■ YOUR OBJECTIVE:
Only the lines of the data below from the one with "complete_Cx = B_fine" through the one with "settings ConfigComp: CovMetricSettings=dw" are wanted. Repeat them exactly.

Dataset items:
"""
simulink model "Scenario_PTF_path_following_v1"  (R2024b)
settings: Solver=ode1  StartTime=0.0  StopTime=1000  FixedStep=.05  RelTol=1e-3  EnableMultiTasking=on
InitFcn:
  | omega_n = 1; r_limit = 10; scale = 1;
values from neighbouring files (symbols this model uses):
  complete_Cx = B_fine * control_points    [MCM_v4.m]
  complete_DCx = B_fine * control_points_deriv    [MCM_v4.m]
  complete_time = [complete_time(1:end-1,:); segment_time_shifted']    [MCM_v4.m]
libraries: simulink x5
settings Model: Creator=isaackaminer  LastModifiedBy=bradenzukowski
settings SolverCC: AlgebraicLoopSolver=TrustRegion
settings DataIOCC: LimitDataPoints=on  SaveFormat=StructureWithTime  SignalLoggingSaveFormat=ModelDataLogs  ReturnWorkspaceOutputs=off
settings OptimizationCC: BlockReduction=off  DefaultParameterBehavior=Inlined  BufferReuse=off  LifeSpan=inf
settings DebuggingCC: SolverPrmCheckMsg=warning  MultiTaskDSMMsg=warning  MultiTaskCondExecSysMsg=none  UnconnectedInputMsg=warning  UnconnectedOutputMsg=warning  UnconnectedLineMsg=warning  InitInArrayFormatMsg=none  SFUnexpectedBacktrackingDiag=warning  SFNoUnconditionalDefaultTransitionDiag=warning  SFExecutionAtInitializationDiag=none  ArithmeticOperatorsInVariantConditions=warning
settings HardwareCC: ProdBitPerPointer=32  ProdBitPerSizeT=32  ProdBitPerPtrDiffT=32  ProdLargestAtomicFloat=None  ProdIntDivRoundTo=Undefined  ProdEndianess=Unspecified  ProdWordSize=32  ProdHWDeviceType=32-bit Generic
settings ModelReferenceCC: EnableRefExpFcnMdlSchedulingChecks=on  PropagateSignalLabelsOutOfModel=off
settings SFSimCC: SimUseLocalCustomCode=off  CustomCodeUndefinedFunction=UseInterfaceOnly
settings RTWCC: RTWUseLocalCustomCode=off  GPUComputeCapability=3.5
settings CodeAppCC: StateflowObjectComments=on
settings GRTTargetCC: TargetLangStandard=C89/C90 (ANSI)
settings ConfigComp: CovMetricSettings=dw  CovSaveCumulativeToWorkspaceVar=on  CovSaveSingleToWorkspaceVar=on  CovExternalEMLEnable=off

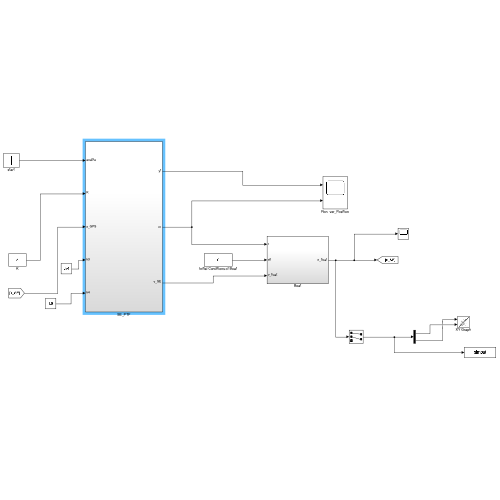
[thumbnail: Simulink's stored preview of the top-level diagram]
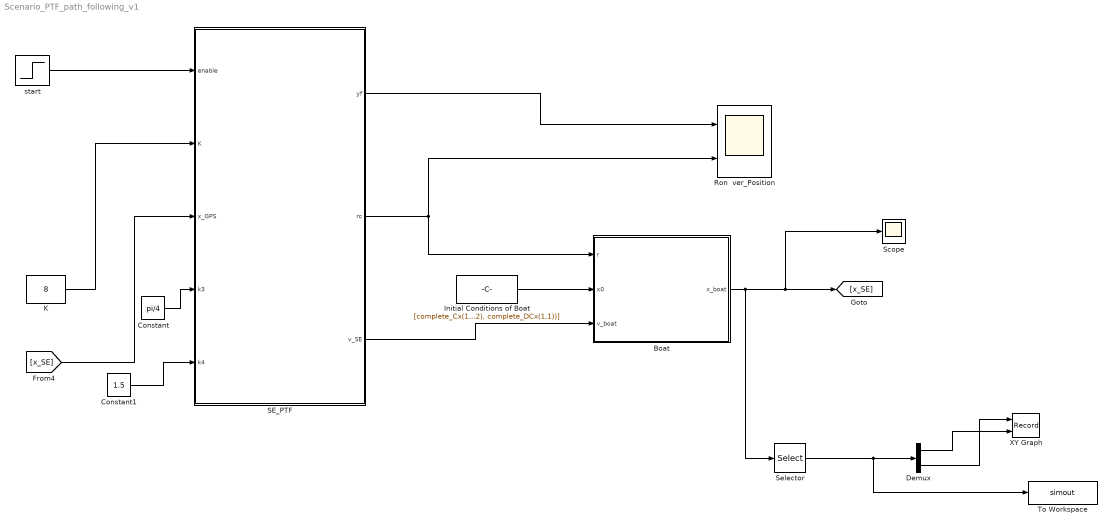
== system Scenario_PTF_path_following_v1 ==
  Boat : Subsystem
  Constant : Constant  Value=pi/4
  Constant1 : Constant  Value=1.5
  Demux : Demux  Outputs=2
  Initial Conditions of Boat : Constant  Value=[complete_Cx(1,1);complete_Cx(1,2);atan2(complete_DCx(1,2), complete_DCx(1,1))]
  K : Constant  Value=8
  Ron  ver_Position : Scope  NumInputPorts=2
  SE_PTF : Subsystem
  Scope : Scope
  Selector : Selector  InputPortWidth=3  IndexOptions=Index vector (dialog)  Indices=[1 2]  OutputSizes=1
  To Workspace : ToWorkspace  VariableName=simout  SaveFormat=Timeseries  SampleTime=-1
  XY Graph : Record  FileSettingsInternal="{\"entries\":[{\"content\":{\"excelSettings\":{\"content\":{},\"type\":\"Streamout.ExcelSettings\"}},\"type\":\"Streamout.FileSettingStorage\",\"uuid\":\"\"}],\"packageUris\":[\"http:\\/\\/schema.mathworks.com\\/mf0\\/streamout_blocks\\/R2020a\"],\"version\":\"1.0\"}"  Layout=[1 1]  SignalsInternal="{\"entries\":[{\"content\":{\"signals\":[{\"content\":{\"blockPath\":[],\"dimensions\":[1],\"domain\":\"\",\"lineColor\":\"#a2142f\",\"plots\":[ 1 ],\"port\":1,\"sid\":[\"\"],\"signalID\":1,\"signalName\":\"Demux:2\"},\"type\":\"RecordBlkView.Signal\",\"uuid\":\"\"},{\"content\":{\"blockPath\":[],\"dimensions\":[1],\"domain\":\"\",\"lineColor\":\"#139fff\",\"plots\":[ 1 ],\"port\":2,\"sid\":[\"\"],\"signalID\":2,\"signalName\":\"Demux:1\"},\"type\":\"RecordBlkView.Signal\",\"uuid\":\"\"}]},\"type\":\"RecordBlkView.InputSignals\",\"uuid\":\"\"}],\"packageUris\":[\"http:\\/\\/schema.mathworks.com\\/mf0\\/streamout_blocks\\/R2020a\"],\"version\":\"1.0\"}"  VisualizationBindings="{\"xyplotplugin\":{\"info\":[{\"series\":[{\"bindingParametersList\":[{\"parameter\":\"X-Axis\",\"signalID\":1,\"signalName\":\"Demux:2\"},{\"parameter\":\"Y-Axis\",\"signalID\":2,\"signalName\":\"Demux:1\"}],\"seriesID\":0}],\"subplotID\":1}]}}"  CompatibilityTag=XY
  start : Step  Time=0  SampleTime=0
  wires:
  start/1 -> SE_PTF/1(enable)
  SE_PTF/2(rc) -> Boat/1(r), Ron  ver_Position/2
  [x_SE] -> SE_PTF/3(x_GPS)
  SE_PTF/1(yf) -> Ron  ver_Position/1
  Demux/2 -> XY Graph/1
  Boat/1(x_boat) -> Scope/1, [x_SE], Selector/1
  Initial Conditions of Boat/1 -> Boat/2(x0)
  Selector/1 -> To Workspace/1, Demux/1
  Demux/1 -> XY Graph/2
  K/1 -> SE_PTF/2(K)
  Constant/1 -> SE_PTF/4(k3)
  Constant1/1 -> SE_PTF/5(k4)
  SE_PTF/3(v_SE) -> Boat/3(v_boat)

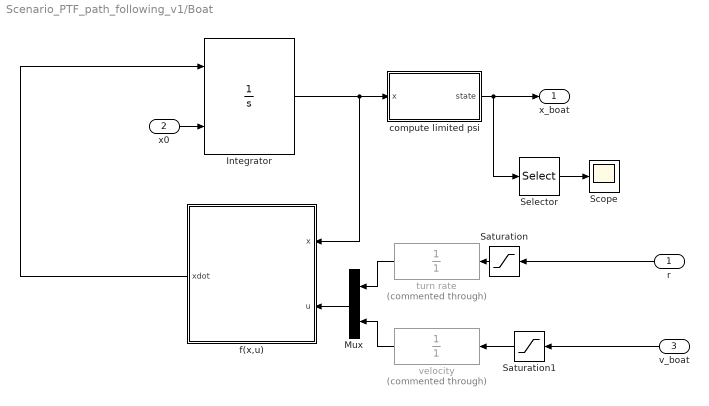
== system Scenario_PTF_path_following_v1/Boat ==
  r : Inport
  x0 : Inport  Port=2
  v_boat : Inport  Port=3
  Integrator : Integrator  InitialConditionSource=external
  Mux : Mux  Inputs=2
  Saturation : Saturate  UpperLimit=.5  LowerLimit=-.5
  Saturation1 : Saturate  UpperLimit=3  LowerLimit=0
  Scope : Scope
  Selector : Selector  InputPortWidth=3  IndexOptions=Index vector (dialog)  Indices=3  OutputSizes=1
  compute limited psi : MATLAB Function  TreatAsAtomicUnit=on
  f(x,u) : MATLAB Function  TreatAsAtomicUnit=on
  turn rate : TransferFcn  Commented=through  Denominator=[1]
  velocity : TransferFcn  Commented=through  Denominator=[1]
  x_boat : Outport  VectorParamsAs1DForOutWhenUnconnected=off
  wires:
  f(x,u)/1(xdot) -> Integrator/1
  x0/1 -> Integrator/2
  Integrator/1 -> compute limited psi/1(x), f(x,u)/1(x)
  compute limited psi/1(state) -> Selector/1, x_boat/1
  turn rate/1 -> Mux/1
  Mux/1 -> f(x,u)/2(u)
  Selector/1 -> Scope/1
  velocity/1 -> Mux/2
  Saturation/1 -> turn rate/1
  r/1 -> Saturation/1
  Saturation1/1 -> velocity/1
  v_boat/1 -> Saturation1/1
"""
■ TASK OUTPUT:
  complete_Cx = B_fine * control_points    [MCM_v4.m]
  complete_DCx = B_fine * control_points_deriv    [MCM_v4.m]
  complete_time = [complete_time(1:end-1,:); segment_time_shifted']    [MCM_v4.m]
libraries: simulink x5
settings Model: Creator=isaackaminer  LastModifiedBy=bradenzukowski
settings SolverCC: AlgebraicLoopSolver=TrustRegion
settings DataIOCC: LimitDataPoints=on  SaveFormat=StructureWithTime  SignalLoggingSaveFormat=ModelDataLogs  ReturnWorkspaceOutputs=off
settings OptimizationCC: BlockReduction=off  DefaultParameterBehavior=Inlined  BufferReuse=off  LifeSpan=inf
settings DebuggingCC: SolverPrmCheckMsg=warning  MultiTaskDSMMsg=warning  MultiTaskCondExecSysMsg=none  UnconnectedInputMsg=warning  UnconnectedOutputMsg=warning  UnconnectedLineMsg=warning  InitInArrayFormatMsg=none  SFUnexpectedBacktrackingDiag=warning  SFNoUnconditionalDefaultTransitionDiag=warning  SFExecutionAtInitializationDiag=none  ArithmeticOperatorsInVariantConditions=warning
settings HardwareCC: ProdBitPerPointer=32  ProdBitPerSizeT=32  ProdBitPerPtrDiffT=32  ProdLargestAtomicFloat=None  ProdIntDivRoundTo=Undefined  ProdEndianess=Unspecified  ProdWordSize=32  ProdHWDeviceType=32-bit Generic
settings ModelReferenceCC: EnableRefExpFcnMdlSchedulingChecks=on  PropagateSignalLabelsOutOfModel=off
settings SFSimCC: SimUseLocalCustomCode=off  CustomCodeUndefinedFunction=UseInterfaceOnly
settings RTWCC: RTWUseLocalCustomCode=off  GPUComputeCapability=3.5
settings CodeAppCC: StateflowObjectComments=on
settings GRTTargetCC: TargetLangStandard=C89/C90 (ANSI)
settings ConfigComp: CovMetricSettings=dw  CovSaveCumulativeToWorkspaceVar=on  CovSaveSingleToWorkspaceVar=on  CovExternalEMLEnable=off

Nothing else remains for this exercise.